Exercise -> The line that contains "Forces/CreateBus Suspension Forces Additional" marks the end: retype the data below exactly from its first line through that line.

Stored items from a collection
>>>

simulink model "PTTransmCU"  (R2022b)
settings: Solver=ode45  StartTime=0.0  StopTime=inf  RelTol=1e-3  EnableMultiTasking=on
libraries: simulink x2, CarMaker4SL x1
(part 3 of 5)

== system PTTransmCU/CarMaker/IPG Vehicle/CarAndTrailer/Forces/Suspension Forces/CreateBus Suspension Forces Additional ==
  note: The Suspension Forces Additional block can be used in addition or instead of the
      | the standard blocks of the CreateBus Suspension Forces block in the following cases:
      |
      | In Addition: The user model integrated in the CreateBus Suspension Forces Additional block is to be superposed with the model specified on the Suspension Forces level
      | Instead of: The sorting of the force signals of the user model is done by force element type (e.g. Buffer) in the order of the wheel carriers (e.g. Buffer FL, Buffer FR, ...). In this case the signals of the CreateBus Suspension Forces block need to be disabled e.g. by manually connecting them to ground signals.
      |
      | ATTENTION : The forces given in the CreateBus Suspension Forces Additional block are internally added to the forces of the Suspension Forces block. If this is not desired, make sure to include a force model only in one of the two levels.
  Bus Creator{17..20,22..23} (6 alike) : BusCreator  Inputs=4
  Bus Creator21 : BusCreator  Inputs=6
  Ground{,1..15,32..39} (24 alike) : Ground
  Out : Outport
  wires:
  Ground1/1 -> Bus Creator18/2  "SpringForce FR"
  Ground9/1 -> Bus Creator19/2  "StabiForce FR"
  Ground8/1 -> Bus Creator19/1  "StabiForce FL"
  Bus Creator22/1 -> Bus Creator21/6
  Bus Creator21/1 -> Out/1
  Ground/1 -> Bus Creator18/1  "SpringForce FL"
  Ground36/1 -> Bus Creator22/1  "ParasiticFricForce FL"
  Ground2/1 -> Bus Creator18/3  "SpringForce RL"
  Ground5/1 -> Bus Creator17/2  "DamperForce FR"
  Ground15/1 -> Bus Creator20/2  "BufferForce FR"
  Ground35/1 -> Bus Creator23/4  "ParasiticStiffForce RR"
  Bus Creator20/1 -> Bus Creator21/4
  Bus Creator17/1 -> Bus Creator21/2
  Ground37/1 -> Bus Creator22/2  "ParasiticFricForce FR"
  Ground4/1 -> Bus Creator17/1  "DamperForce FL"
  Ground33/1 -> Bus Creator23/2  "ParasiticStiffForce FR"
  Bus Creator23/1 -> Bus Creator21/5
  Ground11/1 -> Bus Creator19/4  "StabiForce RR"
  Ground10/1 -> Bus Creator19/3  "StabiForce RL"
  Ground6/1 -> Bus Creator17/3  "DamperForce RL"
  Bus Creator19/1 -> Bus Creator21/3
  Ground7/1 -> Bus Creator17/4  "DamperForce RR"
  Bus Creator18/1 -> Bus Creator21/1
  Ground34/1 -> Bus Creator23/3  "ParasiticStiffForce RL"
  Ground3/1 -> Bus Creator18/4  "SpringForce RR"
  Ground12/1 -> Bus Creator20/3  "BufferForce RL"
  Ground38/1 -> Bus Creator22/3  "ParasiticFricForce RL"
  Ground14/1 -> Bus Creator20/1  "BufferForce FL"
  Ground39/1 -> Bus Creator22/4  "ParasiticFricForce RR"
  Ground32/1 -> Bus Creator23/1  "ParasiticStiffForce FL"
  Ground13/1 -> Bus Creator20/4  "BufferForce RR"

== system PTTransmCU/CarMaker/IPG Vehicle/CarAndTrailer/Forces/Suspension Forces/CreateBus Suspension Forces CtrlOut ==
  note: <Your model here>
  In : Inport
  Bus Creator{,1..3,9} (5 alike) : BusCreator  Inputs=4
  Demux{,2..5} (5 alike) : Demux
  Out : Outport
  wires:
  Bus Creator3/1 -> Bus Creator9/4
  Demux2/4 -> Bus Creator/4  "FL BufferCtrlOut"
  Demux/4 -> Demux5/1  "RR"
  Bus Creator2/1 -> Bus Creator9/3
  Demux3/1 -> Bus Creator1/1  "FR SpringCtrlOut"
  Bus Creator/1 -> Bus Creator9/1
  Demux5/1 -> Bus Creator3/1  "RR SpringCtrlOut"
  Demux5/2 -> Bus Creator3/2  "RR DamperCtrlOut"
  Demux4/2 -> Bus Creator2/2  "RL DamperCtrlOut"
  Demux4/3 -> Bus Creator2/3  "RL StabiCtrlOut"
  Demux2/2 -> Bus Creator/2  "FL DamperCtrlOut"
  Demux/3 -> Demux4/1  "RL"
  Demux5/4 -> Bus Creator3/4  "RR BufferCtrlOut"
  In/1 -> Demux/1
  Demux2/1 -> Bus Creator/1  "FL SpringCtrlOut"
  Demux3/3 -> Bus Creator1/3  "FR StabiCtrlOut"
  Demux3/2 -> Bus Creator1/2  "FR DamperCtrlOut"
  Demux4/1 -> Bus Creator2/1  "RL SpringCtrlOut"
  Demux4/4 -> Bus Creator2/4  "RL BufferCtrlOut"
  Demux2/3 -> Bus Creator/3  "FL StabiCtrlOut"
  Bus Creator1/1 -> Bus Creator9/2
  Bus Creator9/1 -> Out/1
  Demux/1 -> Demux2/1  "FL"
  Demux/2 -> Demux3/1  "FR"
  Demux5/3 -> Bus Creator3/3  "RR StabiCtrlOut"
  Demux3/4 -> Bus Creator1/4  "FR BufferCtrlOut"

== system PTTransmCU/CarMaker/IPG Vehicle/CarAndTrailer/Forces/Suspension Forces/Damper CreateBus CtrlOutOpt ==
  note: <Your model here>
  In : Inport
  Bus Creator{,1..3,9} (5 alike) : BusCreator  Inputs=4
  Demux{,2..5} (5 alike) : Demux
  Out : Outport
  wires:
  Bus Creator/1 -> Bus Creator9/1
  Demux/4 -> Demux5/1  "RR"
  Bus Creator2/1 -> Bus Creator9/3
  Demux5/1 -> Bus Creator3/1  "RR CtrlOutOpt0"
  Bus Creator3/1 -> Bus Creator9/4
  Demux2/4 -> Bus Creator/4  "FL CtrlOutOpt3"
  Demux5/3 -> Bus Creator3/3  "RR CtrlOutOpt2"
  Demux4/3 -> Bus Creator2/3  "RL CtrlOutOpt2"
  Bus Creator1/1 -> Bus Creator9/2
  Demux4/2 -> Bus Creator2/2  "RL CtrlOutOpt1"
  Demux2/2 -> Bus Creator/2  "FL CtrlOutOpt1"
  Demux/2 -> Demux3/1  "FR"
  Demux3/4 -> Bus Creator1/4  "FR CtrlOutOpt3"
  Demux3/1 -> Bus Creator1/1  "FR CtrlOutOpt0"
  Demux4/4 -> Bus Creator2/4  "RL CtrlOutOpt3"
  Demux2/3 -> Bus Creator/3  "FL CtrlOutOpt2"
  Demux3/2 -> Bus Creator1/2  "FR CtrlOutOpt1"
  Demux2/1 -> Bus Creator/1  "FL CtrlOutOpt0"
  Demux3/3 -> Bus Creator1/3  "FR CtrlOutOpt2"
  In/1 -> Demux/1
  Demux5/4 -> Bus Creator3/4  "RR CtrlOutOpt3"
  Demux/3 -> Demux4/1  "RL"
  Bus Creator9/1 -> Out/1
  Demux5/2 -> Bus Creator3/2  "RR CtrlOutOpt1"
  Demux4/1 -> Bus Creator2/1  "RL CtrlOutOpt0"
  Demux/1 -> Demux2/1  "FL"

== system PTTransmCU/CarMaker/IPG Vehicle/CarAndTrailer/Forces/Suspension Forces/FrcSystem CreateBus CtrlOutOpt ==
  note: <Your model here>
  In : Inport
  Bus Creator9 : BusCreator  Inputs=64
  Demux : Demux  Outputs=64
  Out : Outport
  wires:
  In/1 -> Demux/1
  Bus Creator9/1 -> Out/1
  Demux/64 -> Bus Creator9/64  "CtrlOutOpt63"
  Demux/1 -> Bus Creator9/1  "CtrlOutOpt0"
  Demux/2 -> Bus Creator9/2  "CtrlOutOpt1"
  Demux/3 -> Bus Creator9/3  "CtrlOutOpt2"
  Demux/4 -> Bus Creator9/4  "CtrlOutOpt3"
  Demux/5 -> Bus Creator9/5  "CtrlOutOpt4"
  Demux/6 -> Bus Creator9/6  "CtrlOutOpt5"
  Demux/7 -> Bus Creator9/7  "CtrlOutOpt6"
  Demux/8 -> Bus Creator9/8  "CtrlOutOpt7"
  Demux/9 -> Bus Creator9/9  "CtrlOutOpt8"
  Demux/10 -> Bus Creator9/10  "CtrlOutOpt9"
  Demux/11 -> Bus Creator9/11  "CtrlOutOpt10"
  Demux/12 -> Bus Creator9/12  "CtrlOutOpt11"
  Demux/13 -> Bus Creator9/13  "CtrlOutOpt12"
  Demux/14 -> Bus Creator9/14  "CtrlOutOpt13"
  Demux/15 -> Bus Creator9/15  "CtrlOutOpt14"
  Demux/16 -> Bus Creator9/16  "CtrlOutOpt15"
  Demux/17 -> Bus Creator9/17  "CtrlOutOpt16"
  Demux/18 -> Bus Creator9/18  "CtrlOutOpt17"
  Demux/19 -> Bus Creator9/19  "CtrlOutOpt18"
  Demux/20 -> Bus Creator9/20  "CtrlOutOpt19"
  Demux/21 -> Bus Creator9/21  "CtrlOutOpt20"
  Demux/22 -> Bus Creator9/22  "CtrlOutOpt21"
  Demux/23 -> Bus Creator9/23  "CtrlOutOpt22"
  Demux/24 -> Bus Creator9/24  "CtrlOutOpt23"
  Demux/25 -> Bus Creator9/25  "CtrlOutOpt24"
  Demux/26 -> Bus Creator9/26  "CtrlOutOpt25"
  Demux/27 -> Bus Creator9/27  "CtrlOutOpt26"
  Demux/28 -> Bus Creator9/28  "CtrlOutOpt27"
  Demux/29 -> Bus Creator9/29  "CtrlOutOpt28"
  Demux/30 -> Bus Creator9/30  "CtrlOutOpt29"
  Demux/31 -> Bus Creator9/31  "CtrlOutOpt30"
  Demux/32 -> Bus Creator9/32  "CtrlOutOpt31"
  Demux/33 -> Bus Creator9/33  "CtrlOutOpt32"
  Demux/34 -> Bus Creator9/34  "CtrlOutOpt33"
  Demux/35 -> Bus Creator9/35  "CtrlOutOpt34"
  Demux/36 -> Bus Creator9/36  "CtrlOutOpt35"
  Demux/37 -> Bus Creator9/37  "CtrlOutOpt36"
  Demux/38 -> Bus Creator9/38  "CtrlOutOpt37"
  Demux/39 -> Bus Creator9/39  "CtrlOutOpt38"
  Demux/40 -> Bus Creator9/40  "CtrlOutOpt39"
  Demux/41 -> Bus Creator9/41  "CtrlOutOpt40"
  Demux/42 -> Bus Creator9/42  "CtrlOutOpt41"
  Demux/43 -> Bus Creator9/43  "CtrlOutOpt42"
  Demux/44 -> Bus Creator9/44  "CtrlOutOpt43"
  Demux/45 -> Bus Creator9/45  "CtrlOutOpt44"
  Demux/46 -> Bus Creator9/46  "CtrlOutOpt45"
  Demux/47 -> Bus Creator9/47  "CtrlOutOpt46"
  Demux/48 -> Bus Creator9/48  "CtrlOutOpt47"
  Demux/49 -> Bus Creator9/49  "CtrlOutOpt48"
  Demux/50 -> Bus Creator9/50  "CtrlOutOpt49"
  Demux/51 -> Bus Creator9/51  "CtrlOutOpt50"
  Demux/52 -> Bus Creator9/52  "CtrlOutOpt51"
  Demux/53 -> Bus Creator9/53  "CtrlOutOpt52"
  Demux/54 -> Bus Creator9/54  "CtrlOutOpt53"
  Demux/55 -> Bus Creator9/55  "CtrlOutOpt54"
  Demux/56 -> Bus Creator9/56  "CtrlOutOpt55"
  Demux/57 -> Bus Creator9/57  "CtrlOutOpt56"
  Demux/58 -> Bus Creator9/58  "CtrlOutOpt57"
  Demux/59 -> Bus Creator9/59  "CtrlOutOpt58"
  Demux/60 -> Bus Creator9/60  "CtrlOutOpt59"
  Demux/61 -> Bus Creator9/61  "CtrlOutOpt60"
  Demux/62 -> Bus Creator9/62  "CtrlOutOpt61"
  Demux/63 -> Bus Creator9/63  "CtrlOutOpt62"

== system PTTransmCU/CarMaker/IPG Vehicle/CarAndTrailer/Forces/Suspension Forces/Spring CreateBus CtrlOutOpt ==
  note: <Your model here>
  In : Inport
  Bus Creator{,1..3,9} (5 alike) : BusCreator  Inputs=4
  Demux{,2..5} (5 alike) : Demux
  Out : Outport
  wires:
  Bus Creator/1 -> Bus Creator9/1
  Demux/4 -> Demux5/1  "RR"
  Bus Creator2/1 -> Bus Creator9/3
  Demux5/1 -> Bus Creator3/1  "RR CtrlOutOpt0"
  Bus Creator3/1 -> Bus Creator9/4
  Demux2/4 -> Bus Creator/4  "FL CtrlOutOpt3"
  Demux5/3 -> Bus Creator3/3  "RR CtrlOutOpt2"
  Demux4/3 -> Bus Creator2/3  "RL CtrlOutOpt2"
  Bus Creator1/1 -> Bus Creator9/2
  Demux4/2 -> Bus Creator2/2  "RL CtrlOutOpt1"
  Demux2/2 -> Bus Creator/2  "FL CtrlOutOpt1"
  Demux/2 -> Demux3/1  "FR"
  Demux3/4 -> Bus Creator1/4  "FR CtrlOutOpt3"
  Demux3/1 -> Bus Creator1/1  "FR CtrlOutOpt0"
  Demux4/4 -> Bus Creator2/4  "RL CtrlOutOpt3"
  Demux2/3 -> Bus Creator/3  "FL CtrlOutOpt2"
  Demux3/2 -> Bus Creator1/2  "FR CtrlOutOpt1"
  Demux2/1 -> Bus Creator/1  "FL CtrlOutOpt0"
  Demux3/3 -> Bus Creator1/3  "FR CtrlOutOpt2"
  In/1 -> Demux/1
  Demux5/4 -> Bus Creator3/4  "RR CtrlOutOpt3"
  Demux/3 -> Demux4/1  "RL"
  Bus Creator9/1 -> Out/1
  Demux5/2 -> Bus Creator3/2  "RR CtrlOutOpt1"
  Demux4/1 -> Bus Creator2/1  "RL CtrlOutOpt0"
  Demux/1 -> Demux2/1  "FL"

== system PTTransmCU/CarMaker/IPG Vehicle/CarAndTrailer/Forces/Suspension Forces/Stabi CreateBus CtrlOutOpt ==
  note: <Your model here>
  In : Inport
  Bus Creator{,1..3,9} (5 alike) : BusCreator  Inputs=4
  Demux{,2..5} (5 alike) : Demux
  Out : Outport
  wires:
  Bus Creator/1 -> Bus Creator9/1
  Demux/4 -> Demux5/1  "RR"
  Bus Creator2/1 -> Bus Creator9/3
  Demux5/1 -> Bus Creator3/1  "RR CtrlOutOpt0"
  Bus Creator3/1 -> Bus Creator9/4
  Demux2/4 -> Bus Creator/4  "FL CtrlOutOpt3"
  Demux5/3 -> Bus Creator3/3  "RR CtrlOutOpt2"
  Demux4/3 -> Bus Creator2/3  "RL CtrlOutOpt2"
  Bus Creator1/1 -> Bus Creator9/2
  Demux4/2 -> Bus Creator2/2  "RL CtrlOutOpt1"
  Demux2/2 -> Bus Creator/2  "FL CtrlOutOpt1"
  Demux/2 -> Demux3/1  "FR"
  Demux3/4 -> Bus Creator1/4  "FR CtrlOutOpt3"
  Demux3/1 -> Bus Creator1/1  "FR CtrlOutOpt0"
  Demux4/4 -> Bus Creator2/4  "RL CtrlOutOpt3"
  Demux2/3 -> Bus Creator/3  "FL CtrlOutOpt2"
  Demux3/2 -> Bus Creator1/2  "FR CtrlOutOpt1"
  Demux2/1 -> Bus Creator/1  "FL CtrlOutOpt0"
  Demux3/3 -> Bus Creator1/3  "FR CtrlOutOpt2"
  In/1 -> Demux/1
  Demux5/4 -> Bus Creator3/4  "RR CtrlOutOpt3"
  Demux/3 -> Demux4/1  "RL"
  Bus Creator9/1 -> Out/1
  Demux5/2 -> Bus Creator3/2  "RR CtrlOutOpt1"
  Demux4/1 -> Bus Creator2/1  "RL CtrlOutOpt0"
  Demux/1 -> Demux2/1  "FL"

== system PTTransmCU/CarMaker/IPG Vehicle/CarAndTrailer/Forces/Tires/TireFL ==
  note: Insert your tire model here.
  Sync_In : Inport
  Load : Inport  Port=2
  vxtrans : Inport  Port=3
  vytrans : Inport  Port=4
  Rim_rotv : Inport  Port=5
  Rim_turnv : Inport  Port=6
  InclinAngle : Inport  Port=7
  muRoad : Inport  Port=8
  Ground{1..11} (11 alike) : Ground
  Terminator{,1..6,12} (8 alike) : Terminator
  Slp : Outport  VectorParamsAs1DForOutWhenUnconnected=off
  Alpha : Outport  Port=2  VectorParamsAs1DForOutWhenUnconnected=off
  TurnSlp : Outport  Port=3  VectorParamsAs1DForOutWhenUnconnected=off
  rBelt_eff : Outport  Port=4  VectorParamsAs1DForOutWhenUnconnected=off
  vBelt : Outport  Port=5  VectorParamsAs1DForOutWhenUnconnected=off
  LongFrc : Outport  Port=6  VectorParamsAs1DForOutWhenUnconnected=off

<<<

Response area ->
simulink model "PTTransmCU"  (R2022b)
settings: Solver=ode45  StartTime=0.0  StopTime=inf  RelTol=1e-3  EnableMultiTasking=on
libraries: simulink x2, CarMaker4SL x1
(part 3 of 5)

== system PTTransmCU/CarMaker/IPG Vehicle/CarAndTrailer/Forces/Suspension Forces/CreateBus Suspension Forces Additional ==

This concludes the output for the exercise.